What is needed: Each line of the data below containing "schematic" needs to be listed.

:: Material provided

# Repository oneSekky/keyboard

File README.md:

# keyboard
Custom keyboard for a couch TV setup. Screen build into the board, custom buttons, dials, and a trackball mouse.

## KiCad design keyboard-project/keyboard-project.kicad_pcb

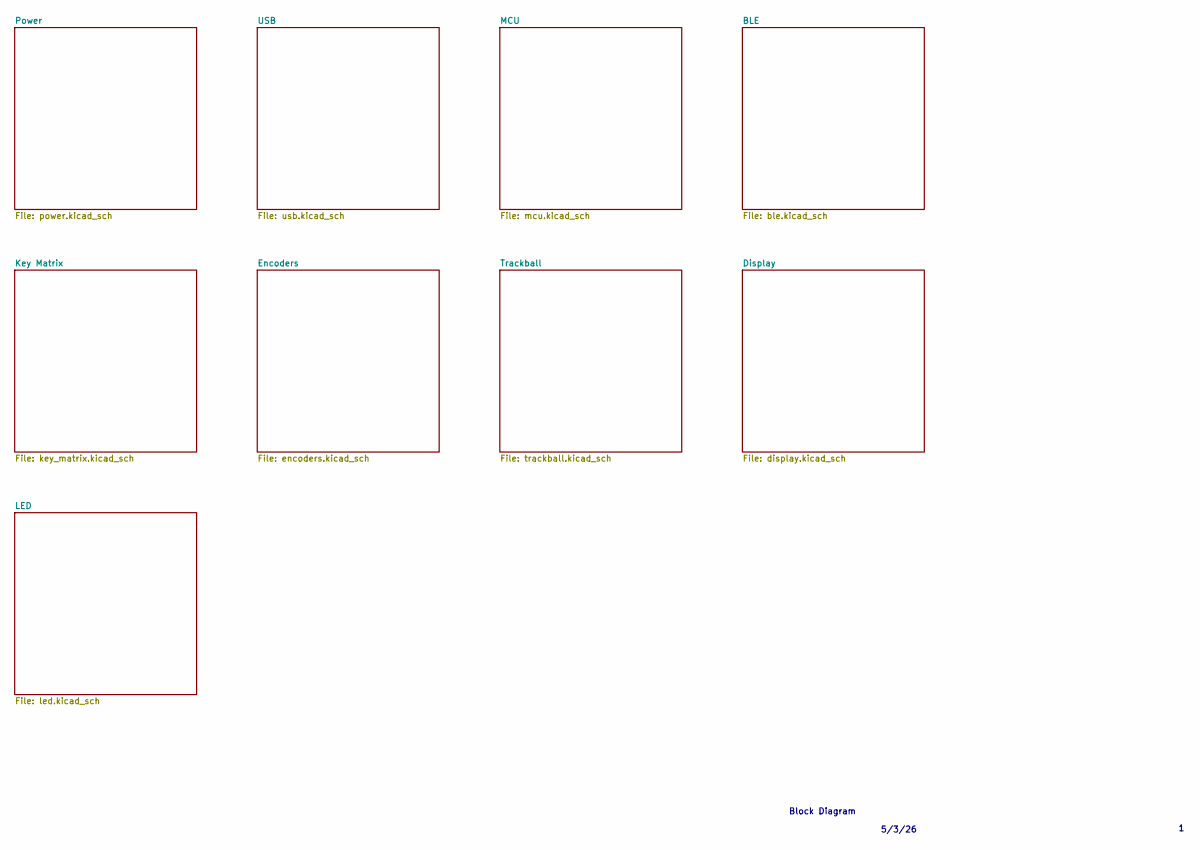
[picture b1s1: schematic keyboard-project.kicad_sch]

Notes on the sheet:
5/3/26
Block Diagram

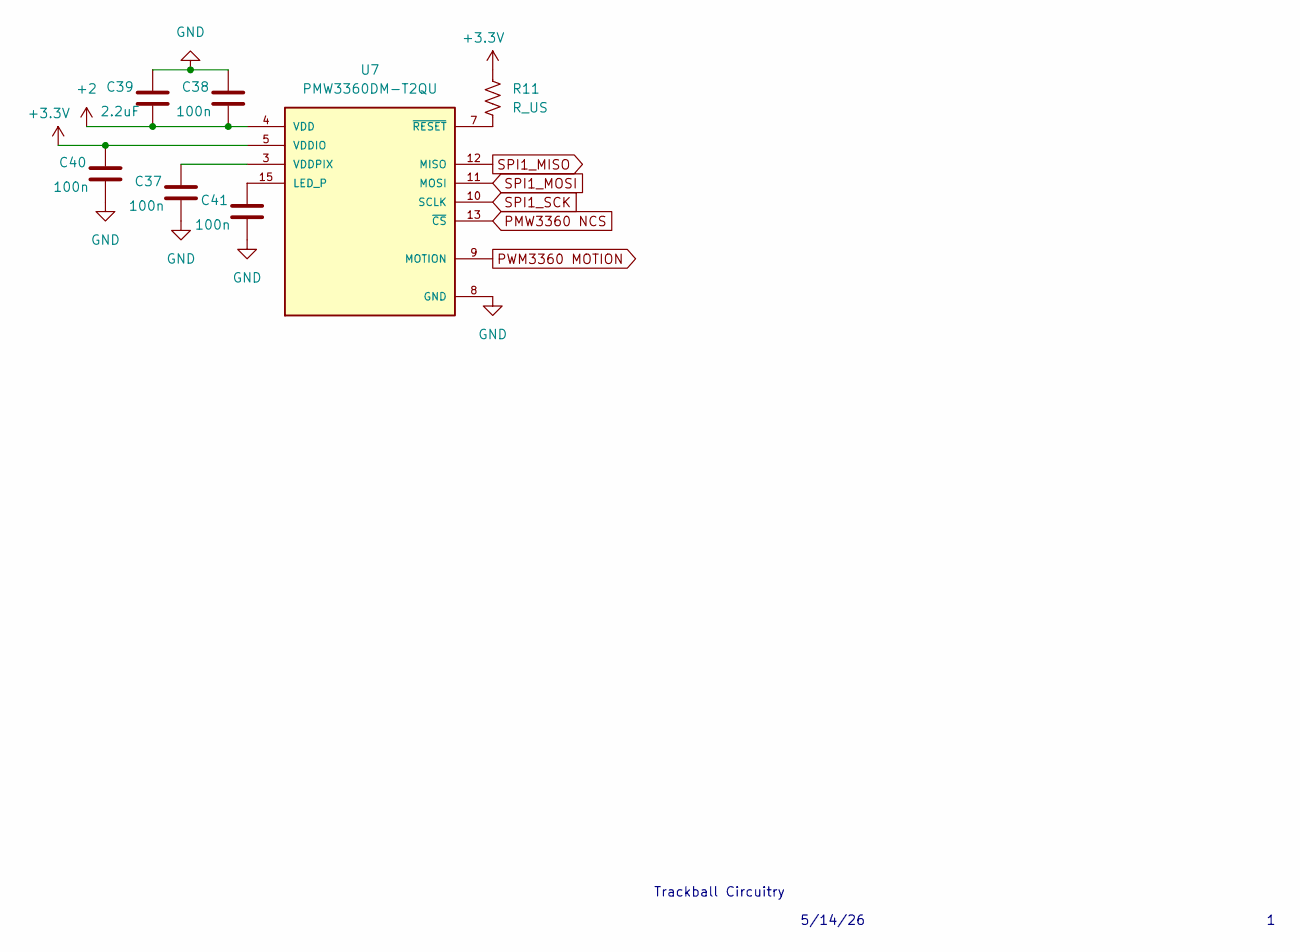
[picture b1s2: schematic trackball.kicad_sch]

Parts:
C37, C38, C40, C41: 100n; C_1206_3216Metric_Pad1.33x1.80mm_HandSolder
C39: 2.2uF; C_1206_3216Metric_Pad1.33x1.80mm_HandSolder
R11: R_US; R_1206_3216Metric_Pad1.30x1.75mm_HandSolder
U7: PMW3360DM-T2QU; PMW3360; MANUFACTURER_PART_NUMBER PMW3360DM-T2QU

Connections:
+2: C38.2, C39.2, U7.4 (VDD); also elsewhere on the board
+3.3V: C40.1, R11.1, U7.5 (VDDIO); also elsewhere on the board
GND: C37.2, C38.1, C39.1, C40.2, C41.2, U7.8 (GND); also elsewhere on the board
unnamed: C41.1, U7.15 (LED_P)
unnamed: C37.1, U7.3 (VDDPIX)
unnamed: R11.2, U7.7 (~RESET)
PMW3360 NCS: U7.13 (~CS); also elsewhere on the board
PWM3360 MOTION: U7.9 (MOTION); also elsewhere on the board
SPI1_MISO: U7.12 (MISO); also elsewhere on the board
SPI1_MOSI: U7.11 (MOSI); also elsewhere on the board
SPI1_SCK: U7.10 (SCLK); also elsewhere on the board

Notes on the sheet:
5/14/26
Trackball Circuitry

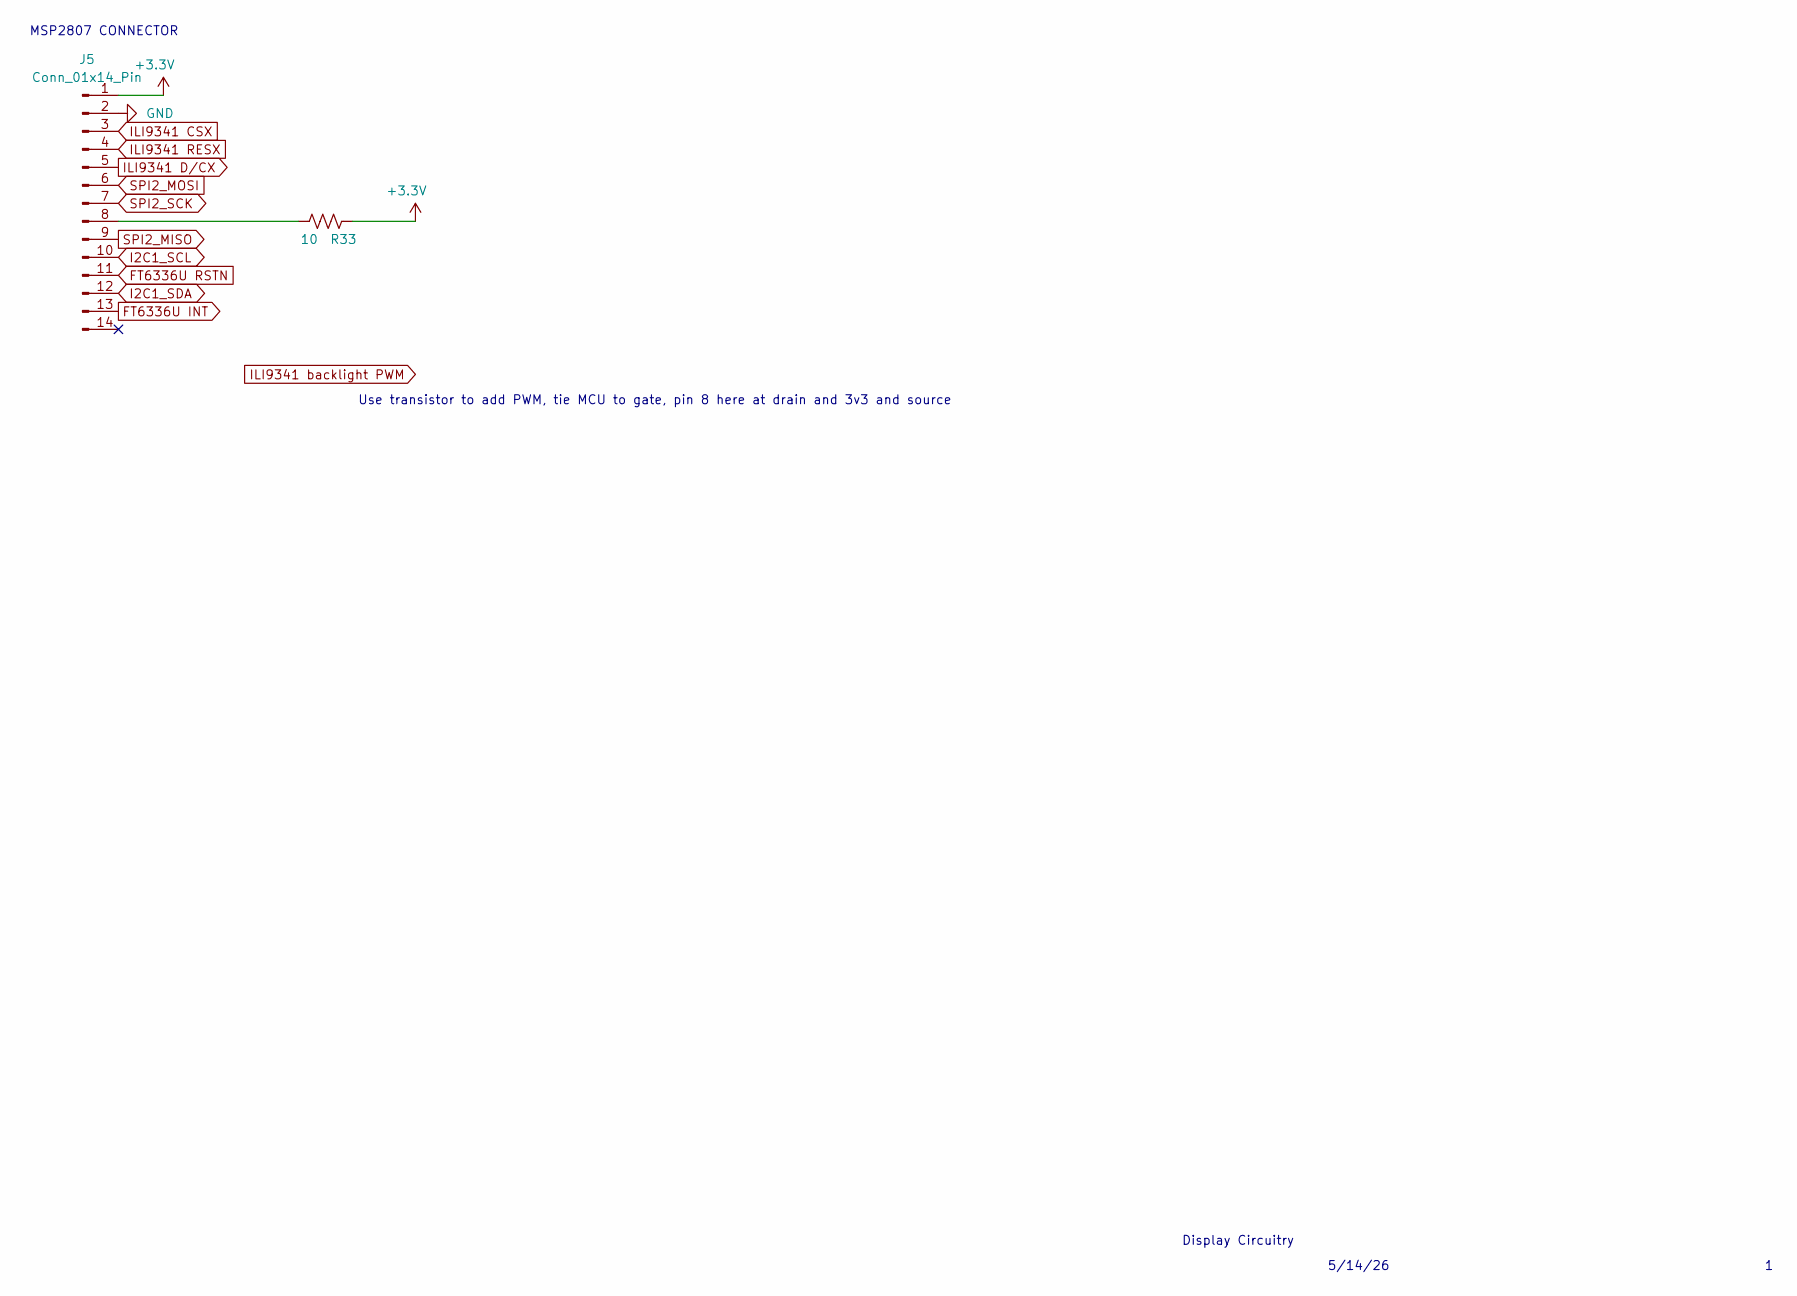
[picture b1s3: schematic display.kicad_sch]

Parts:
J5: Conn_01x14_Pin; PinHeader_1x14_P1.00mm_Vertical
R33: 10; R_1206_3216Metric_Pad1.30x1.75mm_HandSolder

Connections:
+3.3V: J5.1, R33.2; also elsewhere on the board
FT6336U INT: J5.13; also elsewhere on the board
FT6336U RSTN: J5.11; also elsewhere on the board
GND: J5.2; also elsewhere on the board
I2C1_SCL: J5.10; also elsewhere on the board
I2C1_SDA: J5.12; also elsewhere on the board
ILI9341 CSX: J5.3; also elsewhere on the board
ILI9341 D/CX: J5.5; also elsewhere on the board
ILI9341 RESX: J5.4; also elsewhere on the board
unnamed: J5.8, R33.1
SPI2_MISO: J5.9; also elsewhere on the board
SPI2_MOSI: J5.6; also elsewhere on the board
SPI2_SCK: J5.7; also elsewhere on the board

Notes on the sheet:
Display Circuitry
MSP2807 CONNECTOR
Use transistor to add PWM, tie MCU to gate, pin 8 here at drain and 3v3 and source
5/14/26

::::

Written solution:
[picture b1s1: schematic keyboard-project.kicad_sch]
[picture b1s2: schematic trackball.kicad_sch]
[picture b1s3: schematic display.kicad_sch]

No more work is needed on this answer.